Am 26.01.2019 um 15:53 schrieb George Datseris [email protected]:

Would be great if we had a function with various methods to estimate ε , the threshold of a recurrence plot.

This could work similarly with estimate_delay which gives delay times for timeseries.

Different methods are described in the book from N. Marwan and citations within, see chapter 1 (we cite the book in most docs). Some of these methods are actually very easy and straightforward and would be a great issue for newcomer contributor.

— You are receiving this because you are subscribed to this thread. Reply to this email directly, view it on GitHub https://github.com/JuliaDynamics/RecurrenceAnalysis.jl/issues/67, or mute the thread https://github.com/notifications/unsubscribe-auth/AA7WkNx9HQle89RxGN_GpVENH8dafiL0ks5vHGvwgaJpZM4aUNLp.

Jan 26 '19 16:01 pucicu

Awesome, please do so!

Jan 26 '19 18:01 Datseris

This issue now has a 100$ bounty on it. (Which means anyone who solves it gets the 100$)

Mar 16 '19 16:03 Datseris

related: https://aip.scitation.org/doi/10.1063/1.5024914

Apr 29 '19 16:04 Datseris

Note: The https://aip.scitation.org/doi/10.1063/1.5024914 paper is extremely wordy, and basically says that "counting the shortest N% of distances in the recurrence plot as recurring" is a good way to ensure some Recurrence Quantification Analysis less sensitive to embedding dimensions.

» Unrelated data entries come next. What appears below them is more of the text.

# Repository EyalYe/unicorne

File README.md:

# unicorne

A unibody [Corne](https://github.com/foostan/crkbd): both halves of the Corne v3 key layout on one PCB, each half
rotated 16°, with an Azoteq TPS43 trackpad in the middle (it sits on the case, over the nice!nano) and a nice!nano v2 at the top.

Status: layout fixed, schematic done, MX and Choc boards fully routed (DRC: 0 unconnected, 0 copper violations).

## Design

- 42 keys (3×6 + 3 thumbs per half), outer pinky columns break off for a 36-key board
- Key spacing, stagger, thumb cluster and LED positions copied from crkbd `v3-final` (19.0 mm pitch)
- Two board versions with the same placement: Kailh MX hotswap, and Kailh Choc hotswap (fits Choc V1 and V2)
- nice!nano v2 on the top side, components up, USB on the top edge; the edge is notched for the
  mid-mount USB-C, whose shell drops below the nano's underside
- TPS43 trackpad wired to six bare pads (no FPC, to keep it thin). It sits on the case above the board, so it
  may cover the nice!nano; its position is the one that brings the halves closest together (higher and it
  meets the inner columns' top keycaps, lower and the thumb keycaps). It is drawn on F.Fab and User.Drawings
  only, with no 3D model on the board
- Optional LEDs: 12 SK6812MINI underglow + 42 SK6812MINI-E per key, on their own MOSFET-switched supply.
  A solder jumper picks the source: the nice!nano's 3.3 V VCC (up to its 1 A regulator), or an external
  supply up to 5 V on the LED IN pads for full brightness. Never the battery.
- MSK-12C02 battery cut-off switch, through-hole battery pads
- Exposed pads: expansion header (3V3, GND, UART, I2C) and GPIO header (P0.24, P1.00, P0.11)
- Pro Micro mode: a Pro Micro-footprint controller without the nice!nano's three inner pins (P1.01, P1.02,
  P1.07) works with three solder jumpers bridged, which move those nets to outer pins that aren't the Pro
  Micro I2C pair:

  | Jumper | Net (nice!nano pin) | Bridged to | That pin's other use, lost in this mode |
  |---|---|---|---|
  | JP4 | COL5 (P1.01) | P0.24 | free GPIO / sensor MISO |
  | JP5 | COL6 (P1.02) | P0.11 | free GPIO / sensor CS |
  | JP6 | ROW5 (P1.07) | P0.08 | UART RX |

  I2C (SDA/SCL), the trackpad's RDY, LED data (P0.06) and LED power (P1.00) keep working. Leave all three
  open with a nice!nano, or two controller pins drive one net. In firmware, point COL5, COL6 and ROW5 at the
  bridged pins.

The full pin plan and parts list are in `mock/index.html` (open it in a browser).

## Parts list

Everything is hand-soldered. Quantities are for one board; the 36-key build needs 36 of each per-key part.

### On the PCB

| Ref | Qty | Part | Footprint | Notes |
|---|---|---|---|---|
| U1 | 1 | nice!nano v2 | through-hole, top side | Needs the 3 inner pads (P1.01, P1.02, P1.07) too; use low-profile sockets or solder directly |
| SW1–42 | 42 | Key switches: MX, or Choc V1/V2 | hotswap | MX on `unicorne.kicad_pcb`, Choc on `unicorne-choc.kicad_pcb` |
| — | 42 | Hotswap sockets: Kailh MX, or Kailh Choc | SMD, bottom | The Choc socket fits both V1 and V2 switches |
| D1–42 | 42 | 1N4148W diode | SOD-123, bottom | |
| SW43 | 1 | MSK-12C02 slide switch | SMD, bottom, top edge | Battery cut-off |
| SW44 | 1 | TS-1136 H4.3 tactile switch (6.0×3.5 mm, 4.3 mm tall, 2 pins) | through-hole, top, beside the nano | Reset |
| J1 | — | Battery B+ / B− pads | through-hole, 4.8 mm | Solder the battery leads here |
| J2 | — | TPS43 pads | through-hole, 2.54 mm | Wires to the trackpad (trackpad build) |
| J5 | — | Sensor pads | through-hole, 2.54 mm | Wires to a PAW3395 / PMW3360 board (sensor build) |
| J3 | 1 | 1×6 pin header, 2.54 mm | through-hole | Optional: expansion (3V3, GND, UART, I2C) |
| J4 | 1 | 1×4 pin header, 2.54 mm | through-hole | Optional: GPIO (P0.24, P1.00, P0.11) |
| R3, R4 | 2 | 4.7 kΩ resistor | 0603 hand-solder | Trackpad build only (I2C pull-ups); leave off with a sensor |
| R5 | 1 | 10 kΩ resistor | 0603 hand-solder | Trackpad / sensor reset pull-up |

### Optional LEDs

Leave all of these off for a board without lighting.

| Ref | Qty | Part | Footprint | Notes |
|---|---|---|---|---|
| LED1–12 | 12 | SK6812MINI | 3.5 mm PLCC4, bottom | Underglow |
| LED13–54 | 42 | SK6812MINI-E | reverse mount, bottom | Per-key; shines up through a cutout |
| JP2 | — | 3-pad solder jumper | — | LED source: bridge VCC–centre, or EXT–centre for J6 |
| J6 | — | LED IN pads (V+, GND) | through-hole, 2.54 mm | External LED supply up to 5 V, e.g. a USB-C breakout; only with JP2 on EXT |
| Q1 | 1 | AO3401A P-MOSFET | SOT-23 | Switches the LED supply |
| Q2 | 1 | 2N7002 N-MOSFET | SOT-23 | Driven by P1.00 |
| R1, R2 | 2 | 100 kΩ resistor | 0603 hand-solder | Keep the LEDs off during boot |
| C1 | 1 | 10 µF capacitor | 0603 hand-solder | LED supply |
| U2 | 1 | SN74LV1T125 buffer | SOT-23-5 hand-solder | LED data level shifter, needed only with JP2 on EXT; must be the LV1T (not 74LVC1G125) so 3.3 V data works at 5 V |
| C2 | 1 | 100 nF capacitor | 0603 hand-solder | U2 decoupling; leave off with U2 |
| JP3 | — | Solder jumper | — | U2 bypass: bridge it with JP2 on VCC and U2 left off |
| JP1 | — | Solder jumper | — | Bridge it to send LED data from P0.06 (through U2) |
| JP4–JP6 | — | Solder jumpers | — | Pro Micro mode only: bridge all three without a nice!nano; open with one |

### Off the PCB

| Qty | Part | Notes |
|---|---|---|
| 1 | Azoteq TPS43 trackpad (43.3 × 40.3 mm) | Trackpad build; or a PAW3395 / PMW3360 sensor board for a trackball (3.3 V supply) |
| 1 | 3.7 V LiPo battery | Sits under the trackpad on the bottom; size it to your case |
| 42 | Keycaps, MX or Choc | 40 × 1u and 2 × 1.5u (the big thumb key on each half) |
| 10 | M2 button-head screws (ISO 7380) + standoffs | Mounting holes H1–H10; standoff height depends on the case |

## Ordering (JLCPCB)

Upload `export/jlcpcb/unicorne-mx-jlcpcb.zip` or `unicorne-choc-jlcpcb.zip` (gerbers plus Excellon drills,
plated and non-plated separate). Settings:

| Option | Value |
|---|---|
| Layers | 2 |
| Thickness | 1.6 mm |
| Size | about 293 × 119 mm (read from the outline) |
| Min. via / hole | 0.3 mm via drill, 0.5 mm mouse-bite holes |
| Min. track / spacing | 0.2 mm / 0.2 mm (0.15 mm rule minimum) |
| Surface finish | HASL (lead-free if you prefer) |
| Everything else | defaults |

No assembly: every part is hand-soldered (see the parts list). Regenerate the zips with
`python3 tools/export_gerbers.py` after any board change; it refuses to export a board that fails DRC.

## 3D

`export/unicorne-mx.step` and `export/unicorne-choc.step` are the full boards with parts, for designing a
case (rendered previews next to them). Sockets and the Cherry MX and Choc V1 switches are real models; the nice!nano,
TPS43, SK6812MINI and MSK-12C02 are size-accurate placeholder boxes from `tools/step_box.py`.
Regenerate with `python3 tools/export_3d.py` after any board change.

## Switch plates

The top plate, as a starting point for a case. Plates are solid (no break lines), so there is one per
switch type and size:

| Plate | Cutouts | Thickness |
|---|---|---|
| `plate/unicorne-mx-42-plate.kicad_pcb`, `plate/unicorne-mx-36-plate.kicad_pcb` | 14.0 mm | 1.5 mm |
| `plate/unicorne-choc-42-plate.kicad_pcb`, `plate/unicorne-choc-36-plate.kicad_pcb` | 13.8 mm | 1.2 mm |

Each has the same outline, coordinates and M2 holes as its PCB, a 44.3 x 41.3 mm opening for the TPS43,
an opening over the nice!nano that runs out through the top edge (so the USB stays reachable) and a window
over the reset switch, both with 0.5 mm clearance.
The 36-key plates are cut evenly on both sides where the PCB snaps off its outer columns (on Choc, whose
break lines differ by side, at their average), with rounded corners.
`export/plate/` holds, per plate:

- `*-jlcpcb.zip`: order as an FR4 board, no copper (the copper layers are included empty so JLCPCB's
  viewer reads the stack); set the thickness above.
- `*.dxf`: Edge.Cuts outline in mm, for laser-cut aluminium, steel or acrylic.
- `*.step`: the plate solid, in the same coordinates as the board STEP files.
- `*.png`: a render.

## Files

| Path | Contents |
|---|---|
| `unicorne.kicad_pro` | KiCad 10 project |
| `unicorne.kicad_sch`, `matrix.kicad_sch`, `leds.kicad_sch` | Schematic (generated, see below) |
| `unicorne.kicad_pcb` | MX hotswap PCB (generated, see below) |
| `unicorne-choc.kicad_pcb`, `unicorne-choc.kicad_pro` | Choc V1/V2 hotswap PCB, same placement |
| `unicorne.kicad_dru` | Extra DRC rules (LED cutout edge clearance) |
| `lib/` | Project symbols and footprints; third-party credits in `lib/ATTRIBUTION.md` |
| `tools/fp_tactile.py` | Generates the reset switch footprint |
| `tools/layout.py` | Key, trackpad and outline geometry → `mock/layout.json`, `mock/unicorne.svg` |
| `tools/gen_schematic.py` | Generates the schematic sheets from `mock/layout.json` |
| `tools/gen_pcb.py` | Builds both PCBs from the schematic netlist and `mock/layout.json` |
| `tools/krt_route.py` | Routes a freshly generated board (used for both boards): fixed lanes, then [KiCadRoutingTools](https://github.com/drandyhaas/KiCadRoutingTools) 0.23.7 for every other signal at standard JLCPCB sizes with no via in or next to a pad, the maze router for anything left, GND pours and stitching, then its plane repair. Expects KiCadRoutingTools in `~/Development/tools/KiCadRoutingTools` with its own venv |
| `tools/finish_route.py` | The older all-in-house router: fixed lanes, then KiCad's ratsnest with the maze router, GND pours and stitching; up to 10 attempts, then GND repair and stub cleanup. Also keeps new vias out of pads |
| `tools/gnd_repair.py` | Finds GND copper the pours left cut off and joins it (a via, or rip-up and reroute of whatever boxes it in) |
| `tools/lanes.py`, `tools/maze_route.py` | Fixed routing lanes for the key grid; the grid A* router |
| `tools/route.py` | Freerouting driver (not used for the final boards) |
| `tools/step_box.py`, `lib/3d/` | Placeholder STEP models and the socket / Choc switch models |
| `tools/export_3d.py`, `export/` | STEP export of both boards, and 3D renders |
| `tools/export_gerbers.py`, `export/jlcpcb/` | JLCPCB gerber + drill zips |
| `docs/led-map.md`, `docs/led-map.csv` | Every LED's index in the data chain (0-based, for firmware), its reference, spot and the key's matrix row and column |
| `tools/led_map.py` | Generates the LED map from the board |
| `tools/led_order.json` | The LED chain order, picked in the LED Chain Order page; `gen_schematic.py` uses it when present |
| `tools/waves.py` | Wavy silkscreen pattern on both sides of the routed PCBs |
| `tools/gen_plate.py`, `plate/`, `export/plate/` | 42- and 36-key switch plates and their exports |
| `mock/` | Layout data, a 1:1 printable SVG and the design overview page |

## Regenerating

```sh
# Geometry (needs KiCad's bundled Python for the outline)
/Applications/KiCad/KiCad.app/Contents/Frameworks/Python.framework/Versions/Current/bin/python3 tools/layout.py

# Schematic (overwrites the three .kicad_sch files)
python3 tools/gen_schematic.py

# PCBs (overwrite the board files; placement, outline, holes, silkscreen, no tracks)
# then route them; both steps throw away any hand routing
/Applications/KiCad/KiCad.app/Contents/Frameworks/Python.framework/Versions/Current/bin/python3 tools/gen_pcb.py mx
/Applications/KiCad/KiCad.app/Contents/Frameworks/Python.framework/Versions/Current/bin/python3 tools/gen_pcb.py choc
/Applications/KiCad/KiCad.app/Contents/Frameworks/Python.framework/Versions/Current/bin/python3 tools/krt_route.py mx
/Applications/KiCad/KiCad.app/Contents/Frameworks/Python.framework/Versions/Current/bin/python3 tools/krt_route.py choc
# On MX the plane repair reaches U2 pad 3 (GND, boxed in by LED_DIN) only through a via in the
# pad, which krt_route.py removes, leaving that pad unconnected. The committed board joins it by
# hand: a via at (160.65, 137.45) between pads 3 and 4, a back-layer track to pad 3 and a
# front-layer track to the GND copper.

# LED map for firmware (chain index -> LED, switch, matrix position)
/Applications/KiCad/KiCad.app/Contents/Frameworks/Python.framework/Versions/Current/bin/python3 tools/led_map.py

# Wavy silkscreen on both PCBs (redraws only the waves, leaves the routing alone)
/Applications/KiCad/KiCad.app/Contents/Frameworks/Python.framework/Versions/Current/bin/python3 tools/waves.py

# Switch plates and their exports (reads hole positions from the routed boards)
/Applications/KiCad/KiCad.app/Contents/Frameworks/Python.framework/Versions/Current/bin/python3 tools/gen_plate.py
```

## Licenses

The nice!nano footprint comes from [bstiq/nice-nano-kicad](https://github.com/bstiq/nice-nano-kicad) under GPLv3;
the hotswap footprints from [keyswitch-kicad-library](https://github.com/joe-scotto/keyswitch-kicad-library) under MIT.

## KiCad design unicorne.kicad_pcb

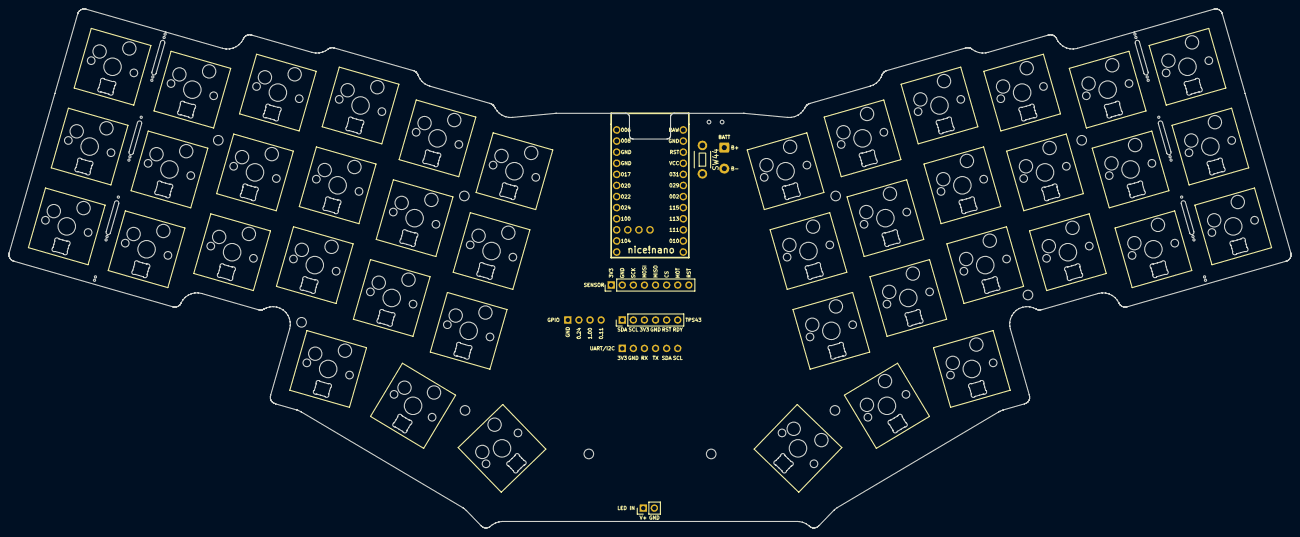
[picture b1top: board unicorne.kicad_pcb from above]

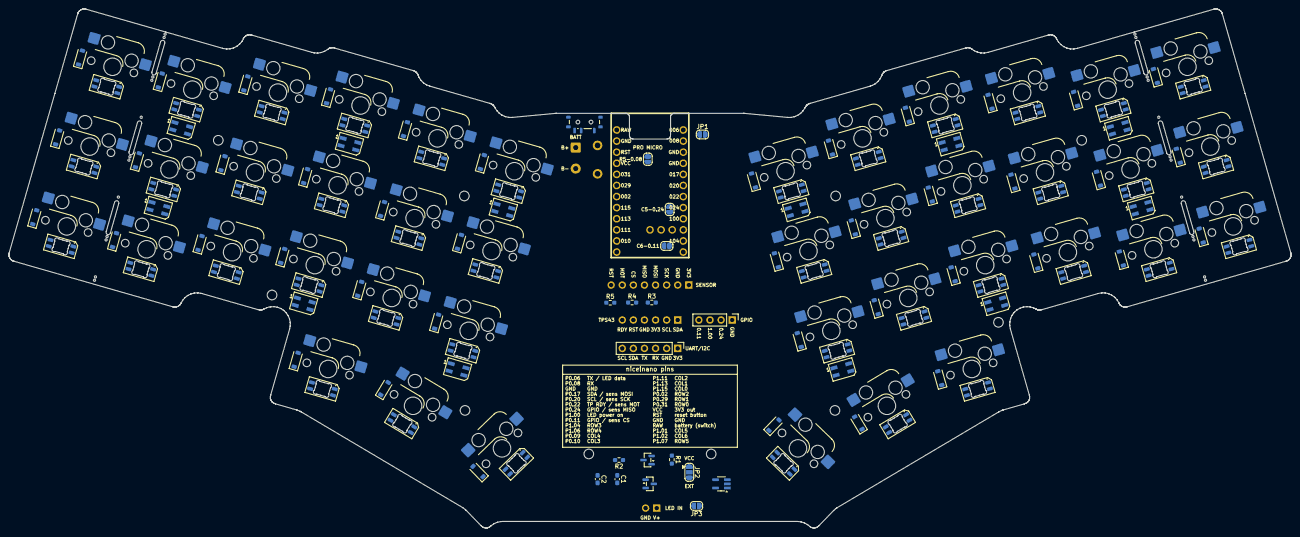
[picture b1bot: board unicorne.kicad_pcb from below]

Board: 2 copper layers, 293.4 x 118.8 mm, 175 parts (116 on the bottom side), 128 nets, no tracks yet.

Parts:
C1: 10uF; C_0603_1608Metric_Pad1.08x0.95mm_HandSolder
C2: 100nF; C_0603_1608Metric_Pad1.08x0.95mm_HandSolder
D1, D2, D3, D4, D5, D6, D7, D8, D9, D10, D11, D12, D13, D14, D15, D16, D17, D18, D19, D20, D21, D22, D23, D24, D25, D26, D27, D28, D29, D30, D31, D32, D33, D34, D35, D36, D37, D38, D39, D40, D41, D42: 1N4148W; D_SOD-123
H1, H2, H3, H4, H5, H6, H7, H8, H9, H10: M2; MountingHole_2.2mm_M2_ISO7380
J1: Battery; SolderWire-0.5sqmm_1x02_P4.8mm_D0.9mm_OD2.3mm
J2: TPS43; PinHeader_1x06_P2.54mm_Vertical
J3: Expansion; PinHeader_1x06_P2.54mm_Vertical
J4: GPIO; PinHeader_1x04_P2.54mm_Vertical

That is, keeping recurrence rate constant as embedding dimensions increase allows other RQA measures to be stabler.

Feb 11 '20 11:02 yuxi-liu-wired

I read chapter 1 of Webber and Marwan. It seems that this question is solved? Just pass kwarg to the integrator, and it's done. The only notable

Thus possibly this bounty is outdated.

Feb 11 '20 17:02 yuxi-liu-wired

@yuxiliu1995 can you please give more detail? What we are talking about here is having a method (a function) that you give in your dataset and then function returns an optimal value for ε, much like the functions estimate_delay which return an optimal value for e.g. τ.

Feb 11 '20 21:02 Datseris

I read Chapter 1 of Marwan, https://aip.scitation.org/doi/10.1063/1.5024914 , as well as many cited papers. It seems there is no good way to do this other than to try a few and see what works. It is just a collection of gut feelings, case studies, and appeal to numerical simulation.

Not only is it unmathematical, it is also simple. There are only a few methods for choosing ε:

ε = p * std, with 0.2 < p < 0.4
ε < 0.1 * mean.
ε = p * median with p ~ 0.2.
ε = p * diameter, with p < 0.1, or p ~ 0.05, or 0.2 < p < 0.4.
ε = p-quantile, with 0.01< p < 0.05.
ε > 5 * std of noise, in the case where the measurement device has a Gaussian noise distribution with a known std.
ε = argmin |1 − Np(ε)/Nn(ε)|, where
- Np is the number of "significant peaks" in the histogram, where each bin counts the total number of black pixels in a diagonal line in the recurrence plot. ("significant" is not well-defined)
- Nn is the average number of neighbours, that is, the average number of black pixels in each vertical column in the recurrence plot.
Draw RR vs ε on a loglog plot, and select ε in the middle of a linear region, since that's where a scaling law is working, and the dynamics is presumably found.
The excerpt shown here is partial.